▶ WHAT THE TASK ASKS
Nothing belongs in the answer except the lines of the material that include "normal".

========

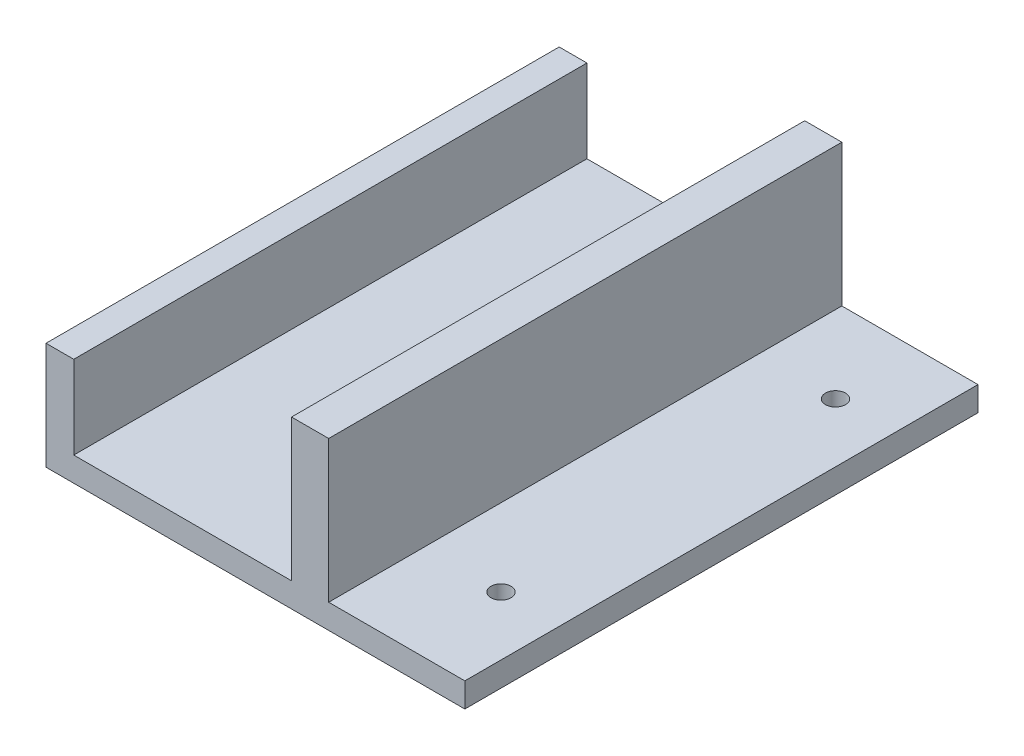
SolidWorks part; units mm, degrees
ref_plane "Front Plane" through (0, 0, 0) normal (0, 0, 1) x (1, 0, 0)
ref_plane "Top Plane" through (0, 0, 0) normal (0, 1, 0) x (1, 0, 0)
ref_plane "Right Plane" through (0, 0, 0) normal (1, 0, 0) x (0, 0, -1)
sketch "Sketch1" plane through (0, 0, 0) normal (0, 0, 1) x (1, 0, 0)
  line L0 (-62.6, 3.65) -> (-62.6, 28.45)
  line L1 (-62.6, 3.65) -> (62.6, 3.65)
  line L2 (-62.6, 3.65) -> (-62.6, -3.65)
  line L3 (-62.6, -3.65) -> (62.6, -3.65)
  line L4 (62.6, 3.65) -> (62.6, -3.65)
  line L5 (-62.6, 3.65) -> (62.6, -3.65) construction
  line L6 (-62.6, -3.65) -> (62.6, 3.65) construction
  line L7 (-62.6, 28.45) -> (-54.3, 28.45)
  line L8 (-54.3, 28.45) -> (-54.3, 3.65)
  line L9 (-54.3, 3.65) -> (-62.6, 3.65)
  line L10 (21.9, 3.65) -> (21.9, 46.05)
  line L11 (21.9, 46.05) -> (10.8, 46.05)
  line L12 (10.8, 46.05) -> (10.8, 3.65)
  line L13 (10.8, 3.65) -> (21.9, 3.65)
  point P0 (0, 0)
  dimension "D1" = 7.3
  dimension "D2" = 125.2
  dimension "D3" = 24.8
  dimension "D4" = 8.3
  dimension "D5" = 65.1
  dimension "D6" = 11.1
  dimension "D7" = 42.4
extrude "Boss-Extrude1" add sketch "Sketch1" along normal blind 153.4 contours L8 L7 L0 L1 | L4 L1 L2 L3 | L11 L12 L1 L10
sketch "Sketch2" plane through (0, 3.65, 0) normal (0, 1, 0) x (1, 0, 0)
  line L0 (45, -25) -> (45, 0) construction
  line L1 (21.9, 0) -> (62.6, 0) construction
  line L2 (45, -25) -> (62.6, -25) construction
  line L3 (62.6, -153.4) -> (62.6, 0) construction
  circle A0 centre (45, -25) radius 3
  dimension "D1" = 6
  dimension "D2" = 45
  dimension "D3" = 25
extrude "Cut-Extrude1" cut sketch "Sketch2" against normal blind 153.4
pattern_linear "LPattern1" count 2 spacing 100 along (0, 0, 1) of "Cut-Extrude1"

========

▶ RESULT OF THIS TASK
ref_plane "Front Plane" through (0, 0, 0) normal (0, 0, 1) x (1, 0, 0)
ref_plane "Top Plane" through (0, 0, 0) normal (0, 1, 0) x (1, 0, 0)
ref_plane "Right Plane" through (0, 0, 0) normal (1, 0, 0) x (0, 0, -1)
sketch "Sketch1" plane through (0, 0, 0) normal (0, 0, 1) x (1, 0, 0)
extrude "Boss-Extrude1" add sketch "Sketch1" along normal blind 153.4 contours L8 L7 L0 L1 | L4 L1 L2 L3 | L11 L12 L1 L10
sketch "Sketch2" plane through (0, 3.65, 0) normal (0, 1, 0) x (1, 0, 0)
extrude "Cut-Extrude1" cut sketch "Sketch2" against normal blind 153.4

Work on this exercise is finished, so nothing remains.